# Exercise brief
In the listing below, find the line holding "line L9 (-56.75, -72) -> (-56.75, -75)" and the line holding "line L3 (-72, -54.8253) -> (-75, -54.8253)". Write out those two lines and all lines between, exactly, and nothing more.

# Given data
# # #

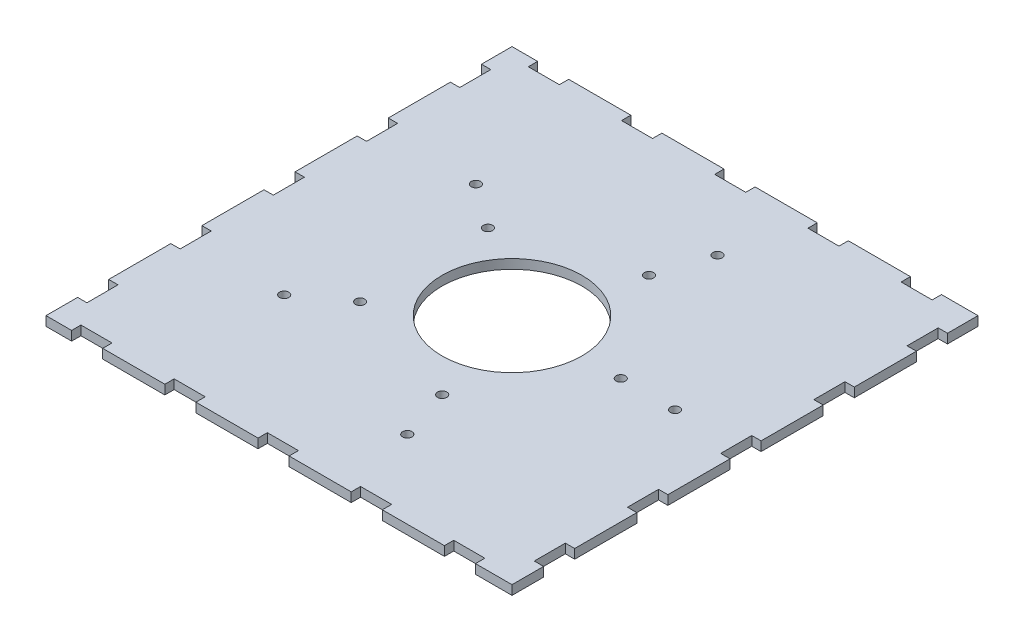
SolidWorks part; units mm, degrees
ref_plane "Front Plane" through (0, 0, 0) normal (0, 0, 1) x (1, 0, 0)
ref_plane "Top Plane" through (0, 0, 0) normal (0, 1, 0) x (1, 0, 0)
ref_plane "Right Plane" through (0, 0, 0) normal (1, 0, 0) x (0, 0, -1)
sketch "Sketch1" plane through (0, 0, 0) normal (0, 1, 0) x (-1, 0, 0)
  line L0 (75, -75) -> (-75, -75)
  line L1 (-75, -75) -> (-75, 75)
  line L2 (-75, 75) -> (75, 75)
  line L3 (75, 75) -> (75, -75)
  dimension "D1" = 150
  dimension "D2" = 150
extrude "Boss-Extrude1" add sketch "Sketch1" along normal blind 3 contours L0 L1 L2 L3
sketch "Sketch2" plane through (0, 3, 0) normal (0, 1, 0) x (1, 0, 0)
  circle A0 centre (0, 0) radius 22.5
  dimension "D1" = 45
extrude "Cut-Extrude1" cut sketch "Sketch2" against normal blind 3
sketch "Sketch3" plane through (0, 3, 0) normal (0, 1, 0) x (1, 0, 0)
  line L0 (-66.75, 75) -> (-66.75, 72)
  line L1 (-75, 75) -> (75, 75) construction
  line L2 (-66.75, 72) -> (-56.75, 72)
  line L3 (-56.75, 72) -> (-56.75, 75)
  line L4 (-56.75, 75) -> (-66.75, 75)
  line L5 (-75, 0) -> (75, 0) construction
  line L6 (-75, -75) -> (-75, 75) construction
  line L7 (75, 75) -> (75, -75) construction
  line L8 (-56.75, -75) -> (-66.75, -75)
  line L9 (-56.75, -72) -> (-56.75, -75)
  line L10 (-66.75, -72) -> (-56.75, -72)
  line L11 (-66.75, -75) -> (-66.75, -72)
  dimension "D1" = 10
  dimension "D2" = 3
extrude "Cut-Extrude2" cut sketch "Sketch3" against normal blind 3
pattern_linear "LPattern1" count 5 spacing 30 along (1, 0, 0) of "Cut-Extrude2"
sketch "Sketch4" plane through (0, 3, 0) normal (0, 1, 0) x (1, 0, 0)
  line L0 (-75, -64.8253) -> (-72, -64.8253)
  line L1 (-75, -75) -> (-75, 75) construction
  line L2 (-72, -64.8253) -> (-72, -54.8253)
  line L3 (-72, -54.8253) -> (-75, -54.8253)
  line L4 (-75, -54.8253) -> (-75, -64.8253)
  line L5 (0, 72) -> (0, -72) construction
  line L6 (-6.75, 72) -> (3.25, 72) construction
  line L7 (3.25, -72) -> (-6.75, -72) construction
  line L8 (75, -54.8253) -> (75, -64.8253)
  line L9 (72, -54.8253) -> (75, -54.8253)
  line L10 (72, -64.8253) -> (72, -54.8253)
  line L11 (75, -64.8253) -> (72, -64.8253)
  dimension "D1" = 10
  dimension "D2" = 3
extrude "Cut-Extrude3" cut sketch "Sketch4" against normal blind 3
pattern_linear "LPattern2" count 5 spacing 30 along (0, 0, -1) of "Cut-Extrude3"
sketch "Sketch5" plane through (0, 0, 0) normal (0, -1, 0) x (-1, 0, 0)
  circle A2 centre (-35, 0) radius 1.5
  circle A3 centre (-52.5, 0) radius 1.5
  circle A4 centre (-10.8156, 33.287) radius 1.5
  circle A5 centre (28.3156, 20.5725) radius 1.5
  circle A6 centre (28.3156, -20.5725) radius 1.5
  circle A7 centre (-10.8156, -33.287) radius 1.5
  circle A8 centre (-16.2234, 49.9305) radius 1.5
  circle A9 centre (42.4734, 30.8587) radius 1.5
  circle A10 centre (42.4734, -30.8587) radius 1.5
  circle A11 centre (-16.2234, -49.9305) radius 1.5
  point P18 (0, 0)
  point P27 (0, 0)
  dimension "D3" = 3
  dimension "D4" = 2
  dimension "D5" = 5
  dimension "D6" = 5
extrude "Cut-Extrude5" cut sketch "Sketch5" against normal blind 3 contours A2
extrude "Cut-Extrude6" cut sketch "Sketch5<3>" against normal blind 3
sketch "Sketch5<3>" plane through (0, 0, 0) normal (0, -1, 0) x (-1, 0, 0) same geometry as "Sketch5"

# # #

# Solution for this exercise
  line L9 (-56.75, -72) -> (-56.75, -75)
  line L10 (-66.75, -72) -> (-56.75, -72)
  line L11 (-66.75, -75) -> (-66.75, -72)
  dimension "D1" = 10
  dimension "D2" = 3
extrude "Cut-Extrude2" cut sketch "Sketch3" against normal blind 3
pattern_linear "LPattern1" count 5 spacing 30 along (1, 0, 0) of "Cut-Extrude2"
sketch "Sketch4" plane through (0, 3, 0) normal (0, 1, 0) x (1, 0, 0)
  line L0 (-75, -64.8253) -> (-72, -64.8253)
  line L1 (-75, -75) -> (-75, 75) construction
  line L2 (-72, -64.8253) -> (-72, -54.8253)
  line L3 (-72, -54.8253) -> (-75, -54.8253)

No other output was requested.